Sur les flux sélectionnés par b<>com et sans doute aidé par l’utilisation de moniteurs SONY BVM-X300, le résultat est plus que convaincant. Néanmoins, les problématiques qui entourent le sujet de la conversion HDR restent nombreuses : quid du color shift, quel impact après upconversion 4K, quel rendu final espérer sur une TV grand public après encodage ? Le mode “tout automatique” posera assurément à chaque broadcaster la question de l’interopérabilité pour tous les contenus sur tous les écrans.

Avec cette récompense, b<>com précise sa position avant-gardiste sur les innovations vidéo et conforte son positionnement basé sur une proposition de valeur concrète, leurs travaux de recherche en audio 3D, AR/VR et réseaux ultra haut débit plus agiles n’étant pas en reste.

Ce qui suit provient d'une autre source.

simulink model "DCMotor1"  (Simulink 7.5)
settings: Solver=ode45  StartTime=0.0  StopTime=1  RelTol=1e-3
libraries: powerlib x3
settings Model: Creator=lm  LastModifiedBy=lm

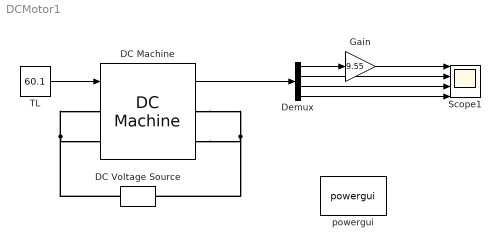
== system DCMotor1 ==
  DC Machine : powerlib/Machines/DC Machine  DialogController=POWERSYS.PowerSysDialog  SystemSampleTime=-1  PresetModel=No  MechanicalLoad=Torque TL  FieldType=Wound  ShowDetailedParameters=on  RLa="[ 0.087  0.0032]"  RLf="[ 181.5  0]"  Laf=0.56  MachineConstant=Torque constant (N.m/A)  Ke=1.8  Kt=1.8  J=0.76  Bm=0  Tf=0  w0=0  Ifinit=1  TsPowergui=0  TsBlock=-1
      settings: AttributesFormatString=\n
  DC Voltage Source : powerlib/Electrical Sources/DC Voltage Source  DialogController=POWERSYS.PowerSysDialog  SystemSampleTime=-1  Amplitude=220  Measurements=None
  Demux : Demux
  Gain : Gain  Gain=9.55  ParameterDataType=fixdt(1, 16)  ParameterScaling=2^0  OutDataType=fixdt(1, 16)  OutScaling=2^0
  Scope1 : Scope  NumInputPorts=4
      settings: YMin=-5~50~-5~-5  YMax=5~300~5~5
  TL : Constant  Value=60.1  OutDataType=fixdt(1, 16)  OutScaling=2^0
  powergui : powerlib/powergui  Priority=1  SystemSampleTime=-1  SimulationMode=Continuous  SampleTime=50e-6  frequency=60  SPID=off  DisableSnubberDevices=off  DisableRonSwitches=off  DisableVfSwitches=off  SwTol=0  Interpol=off  frequencyindice=0  echomessages=off  HookPort=off  DisplayEquations=off  FunctionMessages=off  EnableUseOfTLC=off  x0status=blocks  RestoreLinks=warning  ResistiveCurrentMeasurement=off  Ylog=off  Xlog=on  ShowGrid=off  save=off  variable=ZData  ZoomFFT=off  StartTime=0.0  cycles=1  DisplayStyle=1  FreqAxis=off  MaxFrequency=1000  frequencyindicesteady=1  display=off  methode=off
  wires:
  DC Machine/1 -> Demux/1
  TL/1 -> DC Machine/1
  Demux/1 -> Gain/1
  Gain/1 -> Scope1/1
  Demux/2 -> Scope1/2
  Demux/3 -> Scope1/3
  Demux/4 -> Scope1/4
  connections:
  DC Voltage Source/RConn1 -- DC Machine/LConn1 -- DC Machine/LConn2
  DC Machine/RConn1 -- DC Voltage Source/LConn1 -- DC Machine/RConn2
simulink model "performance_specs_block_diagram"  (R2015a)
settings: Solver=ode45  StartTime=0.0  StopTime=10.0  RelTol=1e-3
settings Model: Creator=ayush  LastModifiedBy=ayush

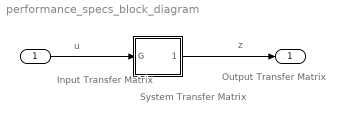
== system performance_specs_block_diagram ==
  note: z
  note: Output
      | Transfer
      | Matrix
  note: u
  note: Input
      | Transfer
      | Matrix
  note: System
      | Transfer
      |  Matrix
  "  " : Inport
  " " : Subsystem
  "     " : Outport
  wires:
  "  "/1 -> " "/1("\t\t\t\t\t\tG")
  " "/1(" ") -> "     "/1

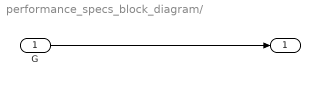
== system performance_specs_block_diagram/  ==
  "\t\t\t\t\t\tG" : Inport
  " " : Outport
  wires:
  "\t\t\t\t\t\tG"/1 -> " "/1
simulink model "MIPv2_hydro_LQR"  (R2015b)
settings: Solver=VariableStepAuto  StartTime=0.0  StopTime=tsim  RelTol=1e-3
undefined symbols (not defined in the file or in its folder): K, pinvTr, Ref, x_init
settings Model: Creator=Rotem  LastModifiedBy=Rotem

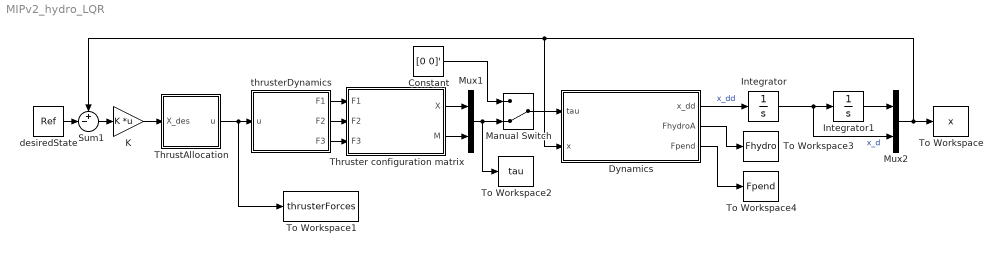
== system MIPv2_hydro_LQR ==
  Constant : Constant  Value=[0 0]'
  Dynamics : MATLAB Function  TreatAsAtomicUnit=on
  Integrator : Integrator  InitialCondition=x_init(4:6)
  Integrator1 : Integrator  InitialCondition=x_init(1:3)
  K : Gain  Gain=K  Multiplication=Matrix(K*u)
  Manual Switch : ManualSwitch  CurrentSetting=0
  Mux1 : Mux  Inputs=2
  Mux2 : Mux  Inputs=2
  Sum1 : Sum  Inputs=+-|
  ThrustAllocation : Subsystem
  Thruster configuration matrix : MATLAB Function  TreatAsAtomicUnit=on
  To Workspace : ToWorkspace  VariableName=x  SaveFormat=Timeseries  SampleTime=-1
  To Workspace1 : ToWorkspace  VariableName=thrusterForces  SaveFormat=Timeseries  SampleTime=-1
  To Workspace2 : ToWorkspace  VariableName=tau  SaveFormat=Timeseries  SampleTime=-1
  To Workspace3 : ToWorkspace  VariableName=Fhydro  SaveFormat=Timeseries  SampleTime=-1
  To Workspace4 : ToWorkspace  VariableName=Fpend  SaveFormat=Timeseries  SampleTime=-1
  desiredState : Constant  Value=Ref
  thrusterDynamics : Subsystem
  wires:
  Dynamics/1(x_dd) -> Integrator/1  "x_dd"
  Integrator/1 -> Mux2/2, Integrator1/1  "x_d"
  Thruster configuration matrix/1(X) -> Mux1/1
  Thruster configuration matrix/2(M) -> Mux1/2
  Constant/1 -> Manual Switch/1
  Mux1/1 -> To Workspace2/1, Manual Switch/2
  Manual Switch/1 -> Dynamics/1(tau)
  Integrator1/1 -> Mux2/1
  Dynamics/2(FhydroA) -> To Workspace3/1
  Dynamics/3(Fpend) -> To Workspace4/1
  desiredState/1 -> Sum1/2
  Sum1/1 -> K/1
  ThrustAllocation/1(u) -> To Workspace1/1, thrusterDynamics/1(u)
  K/1 -> ThrustAllocation/1(X_des)
  Mux2/1 -> Dynamics/2(x), Sum1/1, To Workspace/1
  thrusterDynamics/1(F1) -> Thruster configuration matrix/1(F1)
  thrusterDynamics/2(F2) -> Thruster configuration matrix/2(F2)
  thrusterDynamics/3(F3) -> Thruster configuration matrix/3(F3)

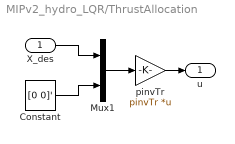
== system MIPv2_hydro_LQR/ThrustAllocation ==
  X_des : Inport
  Constant : Constant  Value=[0 0]'
  Mux1 : Mux  Inputs=2
  pinvTr : Gain  Gain=pinvTr  Multiplication=Matrix(K*u)
  u : Outport
  wires:
  pinvTr/1 -> u/1
  Constant/1 -> Mux1/2
  X_des/1 -> Mux1/1
  Mux1/1 -> pinvTr/1

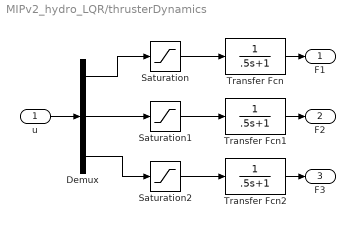
== system MIPv2_hydro_LQR/thrusterDynamics ==
  u : Inport
  Demux : Demux  Outputs=3
  Saturation : Saturate  UpperLimit=1.2  LowerLimit=-1.2
  Saturation1 : Saturate  UpperLimit=1.2  LowerLimit=-1.2
  Saturation2 : Saturate  UpperLimit=1.2  LowerLimit=-1.2
  Transfer Fcn : TransferFcn  Denominator=[.5 1]
  Transfer Fcn1 : TransferFcn  Denominator=[.5 1]
  Transfer Fcn2 : TransferFcn  Denominator=[.5 1]
  F1 : Outport
  F2 : Outport  Port=2
  F3 : Outport  Port=3
  wires:
  Transfer Fcn/1 -> F1/1
  Saturation/1 -> Transfer Fcn/1
  Transfer Fcn1/1 -> F2/1
  Saturation1/1 -> Transfer Fcn1/1
  Transfer Fcn2/1 -> F3/1
  Saturation2/1 -> Transfer Fcn2/1
  u/1 -> Demux/1
  Demux/1 -> Saturation/1
  Demux/2 -> Saturation1/1
  Demux/3 -> Saturation2/1

== matlab function MIPv2_hydro_LQR/Dynamics ==
  data: tau input; x input; x_dd output; FhydroA output; Fpend output
function [x_dd,FhydroA,Fpend]= MIPHdynamics(tau,x)

%% Input variables:
theta_0 = x(2);   theta_1 = x(3);
x_0d = x(4);  theta_0d = x(5);  theta_1d = x(6);
tau = [tau(1), tau(2), 0]';

%% Parameters:
g = 9.81;     % gravitational accleration
rho = 1000;   % [kg/m^3], density of water

% Vessel data:
m_0 = 6.34;   % [kg],     vessel mass
l_0 = 0.15;    % [m],      joint distance from center of pitch 
r = 0.548/2;  % [m],      radius of te CS Saucer
h = 0.129;    % [m]       total height of the CS Saucer
V = m_0/rho; % [m^3],    volume displacement = mass displacement/rho
I_y = (1/12)*m_0*(3*r^2+h^2); % [kgm^2], Mass moment of inertia about y axis
I_0 = I_y;
I_x = I_y;    % Cylindrical shape
% I_z = (m_0*r^2)/2; %[ kgm^2], mass moment of inertia about z axis
I_z = 0.116; %From Idland (2015)
I_g = diag([I_x I_y I_z]); % Inertia tensor
r_g = [0 0 0]'; % Location of CG wrt CO

% Pendulum data:
m_1 = 0.2;   % [kg],     pendulum mass
l_1 = 1.5;      % [m],      pendulum length 
I_1 = (m_1*(l_1)^2)/3; % [kg*m^2], pendulum inertia

% Added mass:
X_dotu = -3.50; %Added mass in surge due to surge motion
X_dotq = -0;    %Added mass in surge due to motion in pitch
M_dotu = -0;    %Added mass in pitch due to surge motion
M_dotq = -3;    %Added mass in pitch due to pitch motion

% Damping:
X_u = -1.96;    %Linear damping in surge due to surge motion
M_q = -3;       %Linear damping in pitch due to pitch motion
X_uu = -7.09;   %Nonlinear damping in surge due to surge motion
M_qq = -8;      %Nonlinear damping in pitch due to pitch motion

% Restoring:
I = (pi/4)*r^4; %[m^4], Area moment of inertia
KG = (.129/2);  %[m], KG for the Saucer. Assuming it is in the centre
KB  = 0.038/2;  %KB assuming it is in the centre of submerged volume
BM = I/V;       %BM_L = BM_T
BG = KG-KB;    
GM = BM-BG;     %GM (GM_L = GM_T)

%% System matrices with hydrodynamic coefficients:

% Hydroidynamic matrices
%Mass:
M_RB = [m_0*eye(3) -m_0*Smtrx(r_g);
        m_0*Smtrx(r_g) I_g];
M_A = -[X_dotu X_dotq;
        M_dotu M_dotq];
    
M = M_RB([1 5],[1 5]) + M_A; % 2 DOF mass     
M6 = zeros(6);      % Creating a 6 DOF mass matrix
M6([1 5],[1 5]) = M; %Inserting the relevant mass in the 6 by 6 matrix

%Restoring:
g_55 = rho*g*V*GM*sin(theta_0); % Fossen. p. 64

%Linear + nonlinear damping matrix, uncoupled motion:
Damp = -diag([X_u,M_q])-diag([X_uu*abs(x_0d),M_qq*abs(theta_0d)]); 

%Coriolis:
nu6=[x_0d 0 0 0 theta_0d 0]';
Cor6 = m2c(M6,nu6);     % Fossen p.180 
Cor = Cor6([1 5],[1 5]);  %Relevant Corliolis, surge and pitch

%3 "DOF" hydrodynamics:
M_A3 = zeros(3); M_A3(1:2,1:2) = M_A;
Rest3 = [0 g_55 0]';
Damp3 = zeros(3); Damp3(1:2,1:2) = Damp;
Cor3 = zeros(3); Cor3(1:2,1:2) = Cor;

%Pendulum dynamics: 
D_P = [m_0+m_1              m_1*l_0*cos(theta_0)             m_1*l_1*cos(theta_1)
     m_1*l_0*cos(theta_0) I_0+m_1*l_0^2                    m_1*l_0*l_1*cos(theta_0-theta_1)
     m_1*l_1*cos(theta_1) m_1*l_0*l_1*cos(theta_0-theta_1) m_1*l_1^2+I_1                   ];
C_P = [0 -m_1*l_0*sin(theta_0)*theta_0d             -m_1*l_1*sin(theta_1)*theta_1d
     0 0                                          m_1*l_0*l_1*sin(theta_0-theta_1)*theta_1d
     0 -m_1*l_0*l_1*sin(theta_0-theta_1)*theta_0d 0                                        ];
G_P = [0
     -m_1*g*l_0*sin(theta_0)
     -m_1*g*l_1*sin(theta_1)];

% % Assembling the matrices:
% D = [-X_dotu+m_0+m_1,     -X_dotq+m_1*l_0*cos(theta_0),    m_1*l_1*cos(theta_1);
%      -M_dotu+m_1*l_0*cos(theta_0),  -M_dotq+I_0+m_1*l_0^2,  m_1*l_0*l_1*cos(theta_0-theta_1);
%      m_1*l_1*cos(theta_1),   m_1*l_0*l_1*cos(theta_0-theta_1),     m_1*l_1^2+I_1          ];
%  
% C = [Cor(1,1)+Damp(1,1), Cor(1,2)+Damp(1,2)-m_1*l_0*sin(theta_0)*theta_0d, -m_1*l_1*sin(theta_1)*theta_1d;
%      Cor(2,1)+Damp(2,1),   Cor(2,2)+Damp(2,2),    m_1*l_0*l_1*sin(theta_0-theta_1)*theta_1d;
%      0,     -m_1*l_0*l_1*sin(theta_0-theta_1)*theta_0d,         0                         ];
%  
% G = [0
%      g_55-m_1*g*l_0*sin(theta_0)
%      -m_1*g*l_1*sin(theta_1)];



%% Solution:
% x_dd = D\(-C*x_d - G + tau);
Fhydro = +(Damp3*x(4:6)+Cor3*x(4:6)+Rest3); %Hydrodynamic forces
Fpend = +(C_P*x(4:6)+G_P); %"Pendulum" forces
x_dd = (D_P+M_A3)\(tau-Fhydro-Fpend); 
FhydroA = Fhydro+M_A3*x_dd; %Total hydrodynamic forces including added mass

== matlab function MIPv2_hydro_LQR/Thruster configuration matrix ==
  data: F1 input; X output; F2 input; F3 input; M output
function [X, M] = ThrustConfig(F1,F2,F3)
%Gives the forces and moments as output, input being the force from each
%motor.

rt = 0.135; %Radius from CG to motor axis in m
l_z = 0.1; %Moment arm in pitch (m)

u = [F1 F2 F3]'; %Control input (positive clockwise)

%Thrust configuration matrix, fixed azimuth angles (120 deg)
Tr=[0 sin(2*pi/3) sin(4*pi/3);1 cos(2*pi/3) cos(4*pi/3);rt rt rt];

tau = Tr*u; 

X = tau(1);
M = X*l_z; %Moment in pitch
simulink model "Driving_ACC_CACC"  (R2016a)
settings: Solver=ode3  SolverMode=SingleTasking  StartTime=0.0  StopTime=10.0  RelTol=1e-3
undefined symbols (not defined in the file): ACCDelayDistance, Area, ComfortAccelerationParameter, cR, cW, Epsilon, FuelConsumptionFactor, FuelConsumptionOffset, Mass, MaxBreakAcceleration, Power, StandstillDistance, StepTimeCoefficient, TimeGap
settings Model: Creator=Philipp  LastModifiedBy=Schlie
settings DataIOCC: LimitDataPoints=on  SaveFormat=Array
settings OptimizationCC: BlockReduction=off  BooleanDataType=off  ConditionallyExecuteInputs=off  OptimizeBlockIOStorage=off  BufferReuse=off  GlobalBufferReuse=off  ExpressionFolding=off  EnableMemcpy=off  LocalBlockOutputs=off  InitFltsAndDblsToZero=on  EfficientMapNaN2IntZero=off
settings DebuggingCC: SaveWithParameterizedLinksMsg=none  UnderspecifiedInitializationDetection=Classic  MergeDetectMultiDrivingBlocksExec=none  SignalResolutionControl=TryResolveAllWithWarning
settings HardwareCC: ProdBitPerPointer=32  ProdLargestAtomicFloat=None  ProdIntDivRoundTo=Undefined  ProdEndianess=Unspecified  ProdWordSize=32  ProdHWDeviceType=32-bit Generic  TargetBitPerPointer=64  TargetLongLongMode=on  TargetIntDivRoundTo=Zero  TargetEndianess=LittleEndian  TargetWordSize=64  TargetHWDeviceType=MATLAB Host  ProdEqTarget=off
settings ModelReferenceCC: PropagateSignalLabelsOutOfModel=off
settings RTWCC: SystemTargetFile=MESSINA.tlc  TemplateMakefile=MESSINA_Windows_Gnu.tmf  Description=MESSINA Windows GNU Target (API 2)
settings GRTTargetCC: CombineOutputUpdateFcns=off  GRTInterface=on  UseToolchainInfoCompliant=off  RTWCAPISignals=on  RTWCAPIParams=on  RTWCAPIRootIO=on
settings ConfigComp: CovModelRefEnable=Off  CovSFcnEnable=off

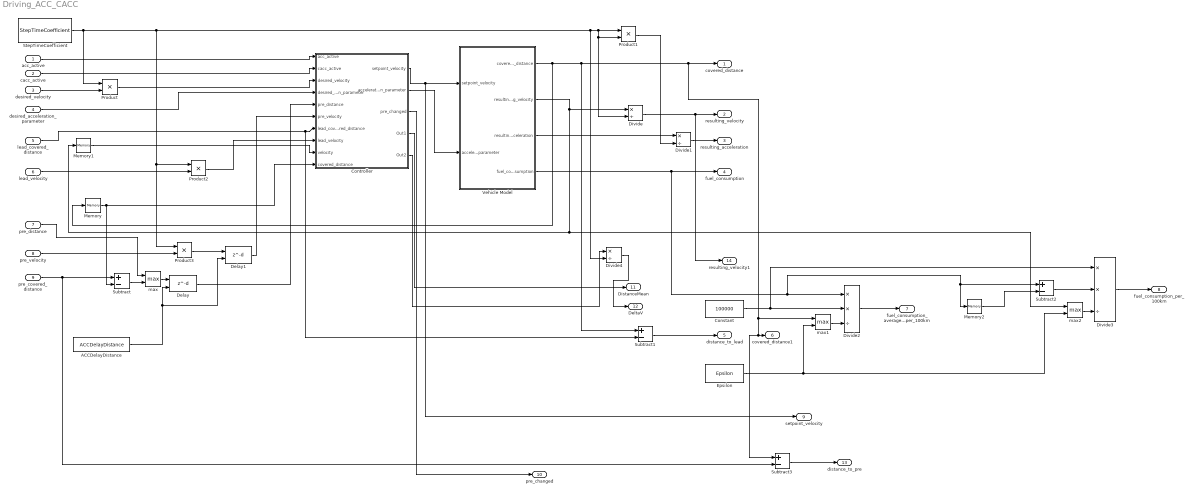
== system Driving_ACC_CACC ==
  acc_active : Inport
  cacc_active : Inport  Port=2
  desired_velocity : Inport  Port=3
  desired_acceleration_parameter : Inport  Port=4
  lead_covered_distance : Inport  Port=5
  lead_velocity : Inport  Port=6
  pre_distance : Inport  Port=7
  pre_velocity : Inport  Port=8
  pre_covered_distance : Inport  Port=9
  ACCDelayDistance : Constant  Value=ACCDelayDistance
  Constant : Constant  Value=100000
  Controller : Subsystem
  Delay : Delay  DelayLengthSource=Input port  DelayLength=ACCDelayDistance
      settings: InputPortMap=u0,p1
  Delay1 : Delay  DelayLengthSource=Input port  DelayLength=ACCDelayDistance
      settings: InputPortMap=u0,p1
  Divide : Product  Inputs=*/
  Divide1 : Product  Inputs=*/
  Divide2 : Product  Inputs=**/
  Divide3 : Product  Inputs=**/
  Divide4 : Product  Inputs=*/
  Epsilon : Constant  Value=Epsilon
  Memory : Memory
  Memory1 : Memory
  Memory2 : Memory
  Product{,1..3} (4 alike) : Product
  StepTimeCoefficient : Constant  Value=StepTimeCoefficient
  Subtract{,1..3} (4 alike) : Sum  Inputs=+-
  Vehicle Model : Subsystem
  max : MinMax  Function=max  Inputs=2
  max1 : MinMax  Function=max  Inputs=2
  max2 : MinMax  Function=max  Inputs=2
  covered_distance : Outport
  resulting_velocity : Outport  Port=2
  resulting_acceleration : Outport  Port=3
  fuel_consumption : Outport  Port=4
  distance_to_lead : Outport  Port=5
  covered_distance1 : Outport  Port=6
  fuel_consumption_average_per_100km : Outport  Port=7
  fuel_consumption_per_100km : Outport  Port=8
  setpoint_velocity : Outport  Port=9
  pre_changed : Outport  Port=10
  DistanceMean : Outport  Port=11
  DeltaV : Outport  Port=12
  distance_to_pre : Outport  Port=13
  resulting_velocity1 : Outport  Port=14
  wires:
  Vehicle Model/3(resulting_acceleration) -> Divide1/1
  cacc_active/1 -> Controller/2(cacc_active)
  Product/1 -> Controller/3(desired_velocity)
  pre_distance/1 -> max/1
  lead_covered_distance/1 -> Subtract1/2, Controller/7(lead_covered_distance)
  Vehicle Model/2(resulting_velocity) -> Divide/1, Memory1/1, max2/1
  Vehicle Model/1(covered_distance) -> Memory/1, Subtract1/1, Subtract3/1, covered_distance1/1, max1/1, covered_distance/1
  Memory/1 -> Controller/10(covered_distance), Subtract/2
  Memory1/1 -> Controller/9(velocity)
  acc_active/1 -> Controller/1(acc_active)
  desired_velocity/1 -> Product/2
  Divide/1 -> resulting_velocity1/1, resulting_velocity/1
  Divide1/1 -> resulting_acceleration/1
  Product1/1 -> Divide1/2
  desired_acceleration_parameter/1 -> Controller/4(desired_acceleration_parameter)
  pre_covered_distance/1 -> Subtract/1, Subtract3/2
  max/1 -> Delay/1
  Subtract/1 -> max/2
  Subtract1/1 -> distance_to_lead/1
  Controller/1(setpoint_velocity) -> setpoint_velocity/1, Vehicle Model/1(setpoint_velocity)
  Controller/2(acceleration_parameter) -> Vehicle Model/2(acceleration_parameter)
  Vehicle Model/4(fuel_consumption) -> Memory2/1, Subtract2/1, Divide2/1, fuel_consumption/1
  Constant/1 -> Divide3/1, Divide2/2
  Divide2/1 -> fuel_consumption_average_per_100km/1
  Memory2/1 -> Subtract2/2
  Subtract2/1 -> Divide3/2
  Divide3/1 -> fuel_consumption_per_100km/1
  max1/1 -> Divide2/3
  max2/1 -> Divide3/3
  Epsilon/1 -> max2/2, max1/2
  Delay/1 -> Controller/5(pre_distance)
  ACCDelayDistance/1 -> Delay/2, Delay1/2
  Controller/3(pre_changed) -> pre_changed/1
  Controller/5(Out2) -> Divide4/1
  StepTimeCoefficient/1 -> Product3/1, Product2/1, Divide4/2, Product1/1, Product1/2, Divide/2, Product/1
  Controller/4(Out1) -> DistanceMean/1
  Divide4/1 -> DeltaV/1
  Subtract3/1 -> distance_to_pre/1
  pre_velocity/1 -> Product3/2
  lead_velocity/1 -> Product2/2
  Product2/1 -> Controller/8(lead_velocity)
  Product3/1 -> Delay1/1
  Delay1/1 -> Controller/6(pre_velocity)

L’approche de Technicolor sur le HDR est assez proche du Dolby Vision, un encodage de la couche SDR BT.709 avec  extraction de la partie haute dynamique codée sous la forme de métadonnées (dynamiques elles aussi). Bien qu’à ce jour, la technologie Advanced HDR pénètre moins le marché que son concurrent solidement ancré dans le monde du cinéma, les réflexions sur les questions d’économie de bande passante, d’adaptation aux capacités de chaque téléviseur et de retraitement de flux à dynamique standard sont particulièrement pertinentes, face à l’hétérogénéité des scénarios (mélange de contenus HD Rec.709 et UHD Rec.2020 par exemple). Avec un solide background en colorimétrie, la division vidéo de Technicolor basée à Rennes (ex Thomson) s’est alliée à Philips pour développer une méthode de traitement HDR temps réel basée sur la mise en œuvre des principes de préparation / alignement des sources vidéos broadcast et de déconstruction / encodage / reconstruction du signal HDR :

  • La version temps réel (CPU) de leur logiciel ITM (pour Intelligent Tone Mapping) est au cœur du procédé propriétaire de conversion SDR / HDR. L’ITM analyse image par image le flux HD ou 4K entrant, puis le prépare pour l’encodage en sortie : application d’une EOTF (PQ, S-Log3 ou Gamma 2.4) et d’un espace colorimétrique (Rec.709 ou 2020), gestion du pic de luminance maximum, paramètres d’étalonnage finement choisis… Plusieurs presets peuvent être travaillés offline puis chargés dans la station qui héberge le logiciel, un mode automatique existe également. Afin de l’utiliser au mieux, il convient de définir des courbes de retraitement qui fonctionnent sur la majorité des contenus d’un broadcaster particulier, tout en respectant l’intention artistique. En ce sens, les ingénieurs proposent d’ingérer une quantité de programmes de stock, puis de les passer à la moulinette du Machine Learning.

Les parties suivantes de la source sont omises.